*** Opening Records to use ***

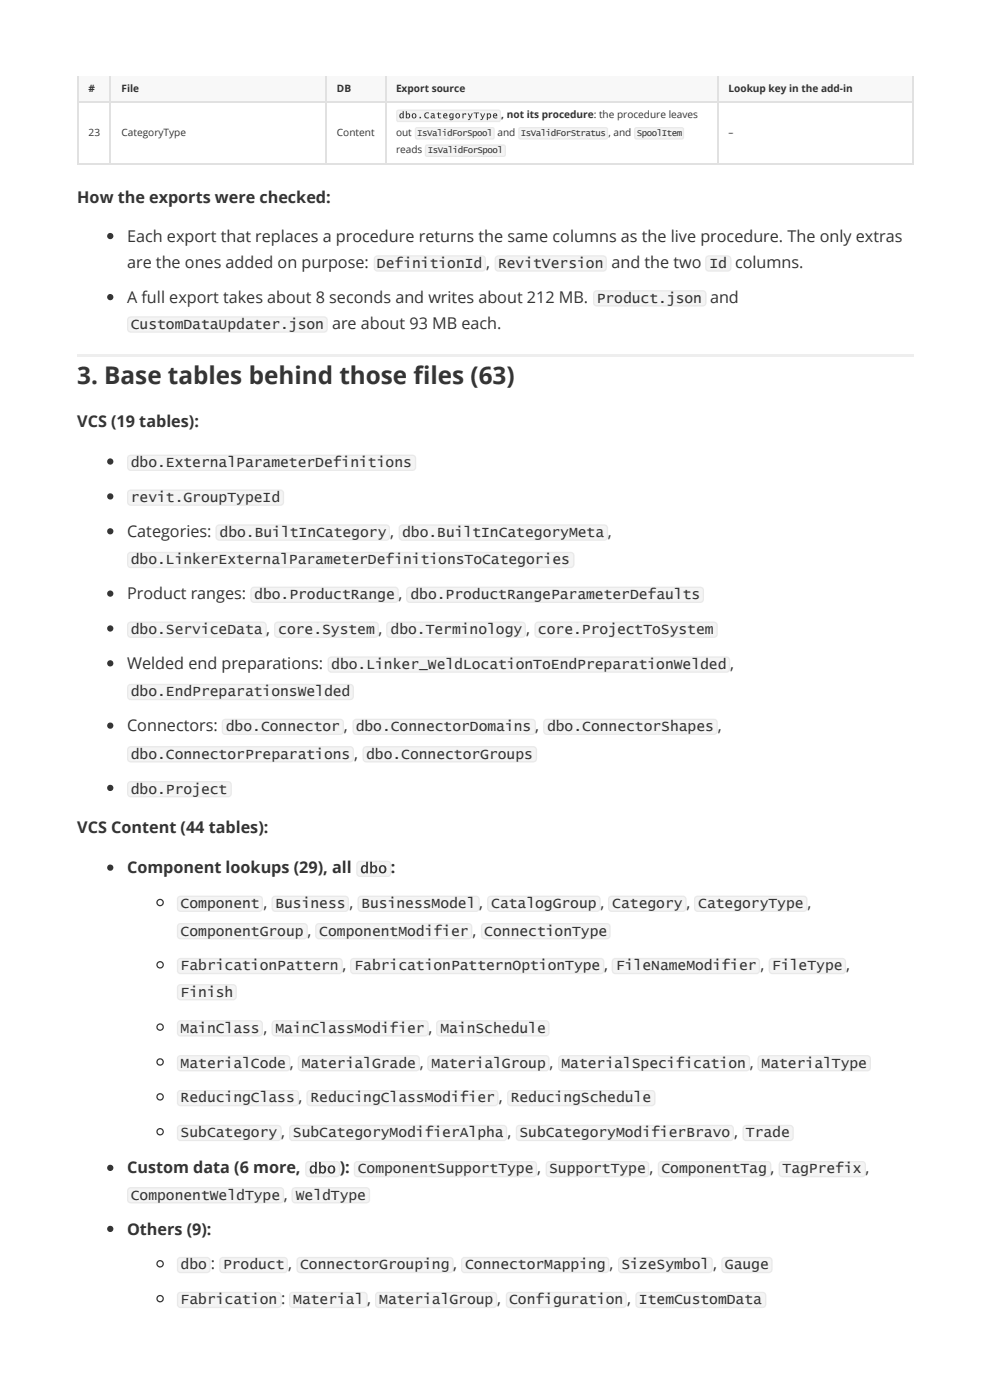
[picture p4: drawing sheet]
<svg xmlns="http://www.w3.org/2000/svg" width="210mm" height="297mm" viewBox="0 0 210 297" stroke-linecap="round" stroke-linejoin="round" font-family="sans-serif">
<g fill="#f8f8f8">
<path d="M16.7 16.1h6.8v5.6h-6.8z"/>
<path d="M23.5 16.1h45.8v5.6h-45.8z"/>
<path d="M69.3 16.1h12.5v5.6h-12.5z"/>
<path d="M81.8 16.1h70.6v5.6h-70.6z"/>
<path d="M152.4 16.1h41.5v5.6h-41.5z"/>
</g>
<path d="M16.4 16h177.5M16.5 15.9v19M23.4 15.9v19M69.2 15.9v19M81.9 15.9v19M152.5 15.9v19M193.8 15.9v19M16.4 21.6h177.5M16.4 34.8h177.5" fill="none" stroke="#dfe2e5" stroke-width=".26"/>
<path d="M84.3 23.4l.3-.1h21.3l.2 .1 .3 .3v1.7l-.2 .4-.3 .1h-21.3l-.2-.1-.3-.3v-1.7z" fill="#f3f4f4"/>
<path d="M84.4 23.5l21.5-.1 .3 .3v1.7l-.3 .4h-21.3l-.3-.3z" fill="none" stroke="#e7eaed" stroke-width=".26"/>
<path d="M88.3 27.1l.3-.1h16l.4 .4v1.8l-.2 .3-.3 .1h-16l-.4-.4v-1.7z" fill="#f3f4f4"/>
<path d="M88.3 27.2l16.3-.1 .3 .3v1.8l-.4 .3h-16l-.3-.4z" fill="none" stroke="#e7eaed" stroke-width=".26"/>
<path d="M110.2 27.1l.4-.1h18.1l.4 .4v1.8l-.2 .3-.3 .1h-18.1l-.4-.4v-1.7z" fill="#f3f4f4"/>
<path d="M110.3 27.2l18.4-.1 .3 .3v1.8l-.4 .3h-18.1l-.3-.4z" fill="none" stroke="#e7eaed" stroke-width=".26"/>
<path d="M134.8 27.1l.4-.1h9.7l.3 .4v1.8l-.2 .3-.2 .1h-9.7l-.4-.4v-1.7z" fill="#f3f4f4"/>
<path d="M134.9 27.2l9.9-.1 .3 .3v1.8l-.3 .3h-9.7l-.3-.4z" fill="none" stroke="#e7eaed" stroke-width=".26"/>
<path d="M90.4 30.8l.3-.1h16.3l.4 .4v1.8l-.2 .4h-.3h-16.3l-.4-.4v-1.7z" fill="#f3f4f4"/>
<path d="M90.5 30.9l16.5-.1 .3 .3v1.8l-.4 .3h-16.3l-.2-.4z" fill="none" stroke="#e7eaed" stroke-width=".26"/>
<circle cx="23.4" cy="50.1" r=".66" fill="#333"/>
<path d="M79.6 54.5l.6-.3h22.2a.79 .79 0 0 1 .8 .8v1.9a.79 .79 0 0 1-.8 .8h-22.2a.79 .79 0 0 1-.8-.8v-1.9z" fill="#f3f4f4"/>
<path d="M79.7 54.6l.5-.2h22.2a.66 .66 0 0 1 .7 .6v1.9a.66 .66 0 0 1-.7 .6h-22.2a.66 .66 0 0 1-.7-.6v-1.9z" fill="none" stroke="#e7eaed" stroke-width=".26"/>
<path d="M105.3 54.5l.5-.3h22.3a.79 .79 0 0 1 .8 .8v1.9a.79 .79 0 0 1-.8 .8h-22.3a.79 .79 0 0 1-.8-.8v-1.9z" fill="#f3f4f4"/>
<path d="M105.4 54.6l.4-.2h22.3a.66 .66 0 0 1 .6 .6v1.9a.66 .66 0 0 1-.6 .6h-22.3a.66 .66 0 0 1-.6-.6v-1.9z" fill="none" stroke="#e7eaed" stroke-width=".26"/>
<path d="M150 54.5l.5-.3h4a.79 .79 0 0 1 .8 .8v1.9a.79 .79 0 0 1-.8 .8h-4a.79 .79 0 0 1-.7-.8v-1.9z" fill="#f3f4f4"/>
<path d="M150.1 54.6l.4-.2h4a.66 .66 0 0 1 .7 .6v1.9a.66 .66 0 0 1-.7 .6h-4a.66 .66 0 0 1-.6-.6v-1.9z" fill="none" stroke="#e7eaed" stroke-width=".26"/>
<circle cx="23.4" cy="63.1" r=".66" fill="#333"/>
<path d="M126.2 61.9l.5-.3h22.5a.79 .79 0 0 1 .8 .8v1.9a.79 .79 0 0 1-.8 .8h-22.5a.79 .79 0 0 1-.8-.8v-1.9z" fill="#f3f4f4"/>
<path d="M126.3 62l.4-.2h22.5a.66 .66 0 0 1 .7 .6v1.9a.66 .66 0 0 1-.7 .7h-22.5a.66 .66 0 0 1-.6-.7v-1.9z" fill="none" stroke="#e7eaed" stroke-width=".26"/>
<path d="M27.2 67.4l.6-.2h41a.79 .79 0 0 1 .8 .8v1.9a.79 .79 0 0 1-.8 .7h-41a.79 .79 0 0 1-.8-.7v-1.9z" fill="#f3f4f4"/>
<path d="M27.3 67.5l.5-.2h41a.66 .66 0 0 1 .7 .7v1.9a.66 .66 0 0 1-.7 .6h-41a.66 .66 0 0 1-.7-.6v-1.9z" fill="none" stroke="#e7eaed" stroke-width=".26"/>
<path d="M16.4 75.1h177.5v.6h-177.5z" fill="#eee"/>
<circle cx="23.4" cy="98" r=".66" fill="#333"/>
<path d="M27.2 96.8l.6-.2h59.8a.79 .79 0 0 1 .8 .8v1.8a.79 .79 0 0 1-.8 .8h-59.8a.79 .79 0 0 1-.8-.8v-1.8z" fill="#f3f4f4"/>
<path d="M27.3 96.9l.5-.2h59.8a.66 .66 0 0 1 .6 .7v1.8a.66 .66 0 0 1-.6 .7h-59.8a.66 .66 0 0 1-.7-.7v-1.8z" fill="none" stroke="#e7eaed" stroke-width=".26"/>
<circle cx="23.4" cy="105.4" r=".66" fill="#333"/>
<path d="M27.2 104.2l.6-.2h31.7a.79 .79 0 0 1 .8 .8v1.8a.79 .79 0 0 1-.8 .8h-31.7a.79 .79 0 0 1-.8-.8v-1.8z" fill="#f3f4f4"/>
<path d="M27.3 104.3l.5-.2h31.7a.66 .66 0 0 1 .7 .7v1.8a.66 .66 0 0 1-.7 .7h-31.7a.66 .66 0 0 1-.7-.7v-1.8z" fill="none" stroke="#e7eaed" stroke-width=".26"/>
<circle cx="23.4" cy="112.8" r=".66" fill="#333"/>
<path d="M46 111.6l.6-.2h35.4a.79 .79 0 0 1 .8 .8v1.8a.79 .79 0 0 1-.8 .8h-35.4a.79 .79 0 0 1-.8-.8v-1.8z" fill="#f3f4f4"/>
<path d="M46.1 111.7l.5-.2h35.4a.66 .66 0 0 1 .7 .7v1.8a.66 .66 0 0 1-.7 .7h-35.4a.66 .66 0 0 1-.7-.7v-1.8z" fill="none" stroke="#e7eaed" stroke-width=".26"/>
<path d="M84.9 111.6l.6-.2h42.8a.79 .79 0 0 1 .8 .8v1.8a.79 .79 0 0 1-.8 .8h-42.8a.79 .79 0 0 1-.8-.8v-1.8z" fill="#f3f4f4"/>
<path d="M85 111.7l.5-.2h42.8a.66 .66 0 0 1 .7 .7v1.8a.66 .66 0 0 1-.7 .7h-42.8a.66 .66 0 0 1-.7-.7v-1.8z" fill="none" stroke="#e7eaed" stroke-width=".26"/>
<path d="M27.2 117.4l.6-.2h93.4a.79 .79 0 0 1 .8 .8v1.9a.79 .79 0 0 1-.8 .8h-93.4a.79 .79 0 0 1-.8-.8v-1.9z" fill="#f3f4f4"/>
<path d="M27.3 117.5l.5-.2h93.4a.66 .66 0 0 1 .6 .7v1.9a.66 .66 0 0 1-.6 .6h-93.4a.66 .66 0 0 1-.7-.6v-1.9z" fill="none" stroke="#e7eaed" stroke-width=".26"/>
<circle cx="23.4" cy="126.1" r=".66" fill="#333"/>
<path d="M53.4 124.9l.6-.3h29.9a.79 .79 0 0 1 .8 .8v1.9a.79 .79 0 0 1-.8 .8h-29.9a.79 .79 0 0 1-.8-.8v-1.9z" fill="#f3f4f4"/>
<path d="M53.5 124.9l.5-.1h29.9a.66 .66 0 0 1 .6 .6v1.9a.66 .66 0 0 1-.6 .6h-29.9a.66 .66 0 0 1-.7-.6v-1.9z" fill="none" stroke="#e7eaed" stroke-width=".26"/>
<path d="M86.5 124.9l.5-.3h61.7a.79 .79 0 0 1 .8 .8v1.9a.79 .79 0 0 1-.8 .8h-61.7a.79 .79 0 0 1-.7-.8v-1.9z" fill="#f3f4f4"/>
<path d="M86.6 124.9l.4-.1h61.7a.66 .66 0 0 1 .7 .6v1.9a.66 .66 0 0 1-.7 .6h-61.7a.66 .66 0 0 1-.6-.6v-1.9z" fill="none" stroke="#e7eaed" stroke-width=".26"/>
<circle cx="23.4" cy="133.5" r=".66" fill="#333"/>
<path d="M27.2 132.3l.6-.3h28a.79 .79 0 0 1 .8 .8v1.9a.79 .79 0 0 1-.8 .8h-28a.79 .79 0 0 1-.8-.8v-1.9z" fill="#f3f4f4"/>
<path d="M27.3 132.4l.5-.2h28a.66 .66 0 0 1 .7 .6v1.9a.66 .66 0 0 1-.7 .6h-28a.66 .66 0 0 1-.7-.6v-1.9z" fill="none" stroke="#e7eaed" stroke-width=".26"/>
<path d="M58.4 132.3l.6-.3h20.6a.79 .79 0 0 1 .8 .8v1.9a.79 .79 0 0 1-.8 .8h-20.6a.79 .79 0 0 1-.8-.8v-1.9z" fill="#f3f4f4"/>
<path d="M58.5 132.4l.5-.2h20.6a.66 .66 0 0 1 .7 .6v1.9a.66 .66 0 0 1-.7 .6h-20.6a.66 .66 0 0 1-.7-.6v-1.9z" fill="none" stroke="#e7eaed" stroke-width=".26"/>
<path d="M82.3 132.3l.5-.3h28.1a.79 .79 0 0 1 .8 .8v1.9a.79 .79 0 0 1-.8 .8h-28.1a.79 .79 0 0 1-.8-.8v-1.9z" fill="#f3f4f4"/>
<path d="M82.3 132.4l.5-.2h28.1a.66 .66 0 0 1 .6 .6v1.9a.66 .66 0 0 1-.6 .6h-28.1a.66 .66 0 0 1-.6-.6v-1.9z" fill="none" stroke="#e7eaed" stroke-width=".26"/>
<path d="M113.7 132.3l.6-.3h37.3a.79 .79 0 0 1 .8 .8v1.9a.79 .79 0 0 1-.8 .8h-37.3a.79 .79 0 0 1-.8-.8v-1.9z" fill="#f3f4f4"/>
<path d="M113.8 132.4l.5-.2h37.3a.66 .66 0 0 1 .7 .6v1.9a.66 .66 0 0 1-.7 .6h-37.3a.66 .66 0 0 1-.7-.6v-1.9z" fill="none" stroke="#e7eaed" stroke-width=".26"/>
<circle cx="23.4" cy="140.9" r=".66" fill="#333"/>
<path d="M69.8 139.7l.6-.3h83.9a.79 .79 0 0 1 .7 .8v1.9a.79 .79 0 0 1-.7 .8h-83.9a.79 .79 0 0 1-.8-.8v-1.9z" fill="#f3f4f4"/>
<path d="M69.9 139.8l.5-.2h83.9a.66 .66 0 0 1 .6 .6v1.9a.66 .66 0 0 1-.6 .6h-83.9a.66 .66 0 0 1-.7-.6v-1.9z" fill="none" stroke="#e7eaed" stroke-width=".26"/>
<path d="M27.2 145.5l.6-.2h46.5a.79 .79 0 0 1 .8 .8v1.8a.79 .79 0 0 1-.8 .8h-46.5a.79 .79 0 0 1-.8-.8v-1.8z" fill="#f3f4f4"/>
<path d="M27.3 145.6l.5-.2h46.5a.66 .66 0 0 1 .7 .7v1.8a.66 .66 0 0 1-.7 .7h-46.5a.66 .66 0 0 1-.7-.7v-1.8z" fill="none" stroke="#e7eaed" stroke-width=".26"/>
<circle cx="23.4" cy="154.1" r=".66" fill="#333"/>
<path d="M47.3 152.9l.6-.2h24.3a.79 .79 0 0 1 .8 .8v1.8a.79 .79 0 0 1-.8 .8h-24.3a.79 .79 0 0 1-.8-.8v-1.8z" fill="#f3f4f4"/>
<path d="M47.4 153l.5-.2h24.3a.66 .66 0 0 1 .7 .7v1.8a.66 .66 0 0 1-.7 .7h-24.3a.66 .66 0 0 1-.7-.7v-1.8z" fill="none" stroke="#e7eaed" stroke-width=".26"/>
<path d="M75.1 152.9l.6-.2h37.3a.79 .79 0 0 1 .8 .8v1.8a.79 .79 0 0 1-.8 .8h-37.3a.79 .79 0 0 1-.8-.8v-1.8z" fill="#f3f4f4"/>
<path d="M75.2 153l.5-.2h37.3a.66 .66 0 0 1 .6 .7v1.8a.66 .66 0 0 1-.6 .7h-37.3a.66 .66 0 0 1-.7-.7v-1.8z" fill="none" stroke="#e7eaed" stroke-width=".26"/>
<path d="M115.6 152.9l.6-.2h35.4a.79 .79 0 0 1 .8 .8v1.8a.79 .79 0 0 1-.8 .8h-35.4a.79 .79 0 0 1-.8-.8v-1.8z" fill="#f3f4f4"/>
<path d="M115.7 153l.5-.2h35.4a.66 .66 0 0 1 .7 .7v1.8a.66 .66 0 0 1-.7 .7h-35.4a.66 .66 0 0 1-.7-.7v-1.8z" fill="none" stroke="#e7eaed" stroke-width=".26"/>
<path d="M27.2 158.7l.6-.2h46.5a.79 .79 0 0 1 .8 .8v1.8a.79 .79 0 0 1-.8 .8h-46.5a.79 .79 0 0 1-.8-.8v-1.8z" fill="#f3f4f4"/>
<path d="M27.3 158.8l.5-.2h46.5a.66 .66 0 0 1 .7 .7v1.8a.66 .66 0 0 1-.7 .7h-46.5a.66 .66 0 0 1-.7-.7v-1.8z" fill="none" stroke="#e7eaed" stroke-width=".26"/>
<path d="M77.2 158.7l.6-.2h35.4a.79 .79 0 0 1 .8 .8v1.8a.79 .79 0 0 1-.8 .8h-35.4a.79 .79 0 0 1-.8-.8v-1.8z" fill="#f3f4f4"/>
<path d="M77.3 158.8l.5-.2h35.4a.66 .66 0 0 1 .7 .7v1.8a.66 .66 0 0 1-.7 .7h-35.4a.66 .66 0 0 1-.7-.7v-1.8z" fill="none" stroke="#e7eaed" stroke-width=".26"/>
<circle cx="23.4" cy="167.3" r=".66" fill="#333"/>
<path d="M27.2 166.1l.6-.2h20.6a.79 .79 0 0 1 .8 .8v1.8a.79 .79 0 0 1-.8 .8h-20.6a.79 .79 0 0 1-.8-.8v-1.8z" fill="#f3f4f4"/>
<path d="M27.3 166.2l.5-.2h20.6a.66 .66 0 0 1 .7 .7v1.8a.66 .66 0 0 1-.7 .7h-20.6a.66 .66 0 0 1-.7-.7v-1.8z" fill="none" stroke="#e7eaed" stroke-width=".26"/>
<circle cx="23.4" cy="184.3" r=".66" fill="#333"/>
<path d="M75.9 183.1l.6-.3h5.8a.79 .79 0 0 1 .8 .8v1.9a.79 .79 0 0 1-.8 .8h-5.8a.79 .79 0 0 1-.8-.8v-1.9z" fill="#f3f4f4"/>
<path d="M76 183.2l.5-.2h5.8a.66 .66 0 0 1 .6 .6v1.9a.66 .66 0 0 1-.6 .6h-5.8a.66 .66 0 0 1-.7-.6v-1.9z" fill="none" stroke="#e7eaed" stroke-width=".26"/>
<circle cx="34" cy="191.7" r=".66" fill="none" stroke="#333" stroke-width=".26"/>
<path d="M37.8 190.5l.6-.3h16.6a.79 .79 0 0 1 .8 .8v1.9a.79 .79 0 0 1-.8 .8h-16.6a.79 .79 0 0 1-.8-.8v-1.9z" fill="#f3f4f4"/>
<path d="M37.9 190.6l.5-.2h16.6a.66 .66 0 0 1 .7 .6v1.9a.66 .66 0 0 1-.7 .6h-16.6a.66 .66 0 0 1-.7-.6v-1.9z" fill="none" stroke="#e7eaed" stroke-width=".26"/>
<path d="M57.9 190.5l.6-.3h14.8a.79 .79 0 0 1 .8 .8v1.9a.79 .79 0 0 1-.8 .8h-14.8a.79 .79 0 0 1-.8-.8v-1.9z" fill="#f3f4f4"/>
<path d="M58 190.6l.5-.2h14.8a.66 .66 0 0 1 .7 .6v1.9a.66 .66 0 0 1-.7 .6h-14.8a.66 .66 0 0 1-.7-.6v-1.9z" fill="none" stroke="#e7eaed" stroke-width=".26"/>
<path d="M76.2 190.5l.5-.3h24.4a.79 .79 0 0 1 .8 .8v1.9a.79 .79 0 0 1-.8 .8h-24.4a.79 .79 0 0 1-.8-.8v-1.9z" fill="#f3f4f4"/>
<path d="M76.3 190.6l.4-.2h24.4a.66 .66 0 0 1 .6 .6v1.9a.66 .66 0 0 1-.6 .6h-24.4a.66 .66 0 0 1-.6-.6v-1.9z" fill="none" stroke="#e7eaed" stroke-width=".26"/>
<path d="M103.7 190.5l.5-.3h22.5a.79 .79 0 0 1 .8 .8v1.9a.79 .79 0 0 1-.8 .8h-22.5a.79 .79 0 0 1-.7-.8v-1.9z" fill="#f3f4f4"/>
<path d="M103.8 190.6l.4-.2h22.5a.66 .66 0 0 1 .7 .6v1.9a.66 .66 0 0 1-.7 .6h-22.5a.66 .66 0 0 1-.6-.6v-1.9z" fill="none" stroke="#e7eaed" stroke-width=".26"/>
<path d="M129.3 190.5l.6-.3h15.1a.79 .79 0 0 1 .8 .8v1.9a.79 .79 0 0 1-.8 .8h-15.1a.79 .79 0 0 1-.8-.8v-1.9z" fill="#f3f4f4"/>
<path d="M129.4 190.6l.5-.2h15.1a.66 .66 0 0 1 .7 .6v1.9a.66 .66 0 0 1-.7 .6h-15.1a.66 .66 0 0 1-.7-.6v-1.9z" fill="none" stroke="#e7eaed" stroke-width=".26"/>
<path d="M147.6 190.5l.6-.3h22.5a.79 .79 0 0 1 .7 .8v1.9a.79 .79 0 0 1-.7 .8h-22.5a.79 .79 0 0 1-.8-.8v-1.9z" fill="#f3f4f4"/>
<path d="M147.7 190.6l.5-.2h22.5a.66 .66 0 0 1 .6 .6v1.9a.66 .66 0 0 1-.6 .6h-22.5a.66 .66 0 0 1-.7-.6v-1.9z" fill="none" stroke="#e7eaed" stroke-width=".26"/>
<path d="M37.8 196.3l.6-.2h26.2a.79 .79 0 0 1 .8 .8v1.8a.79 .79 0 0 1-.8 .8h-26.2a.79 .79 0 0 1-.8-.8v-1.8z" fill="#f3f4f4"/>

*** Closing Records to use ***

◆ **Task prompt**:
Extract all lines from the data in which "circle" is found.

◆ **Task response**:
<circle cx="23.4" cy="50.1" r=".66" fill="#333"/>
<circle cx="23.4" cy="63.1" r=".66" fill="#333"/>
<circle cx="23.4" cy="98" r=".66" fill="#333"/>
<circle cx="23.4" cy="105.4" r=".66" fill="#333"/>
<circle cx="23.4" cy="112.8" r=".66" fill="#333"/>
<circle cx="23.4" cy="126.1" r=".66" fill="#333"/>
<circle cx="23.4" cy="133.5" r=".66" fill="#333"/>
<circle cx="23.4" cy="140.9" r=".66" fill="#333"/>
<circle cx="23.4" cy="154.1" r=".66" fill="#333"/>
<circle cx="23.4" cy="167.3" r=".66" fill="#333"/>
<circle cx="23.4" cy="184.3" r=".66" fill="#333"/>
<circle cx="34" cy="191.7" r=".66" fill="none" stroke="#333" stroke-width=".26"/>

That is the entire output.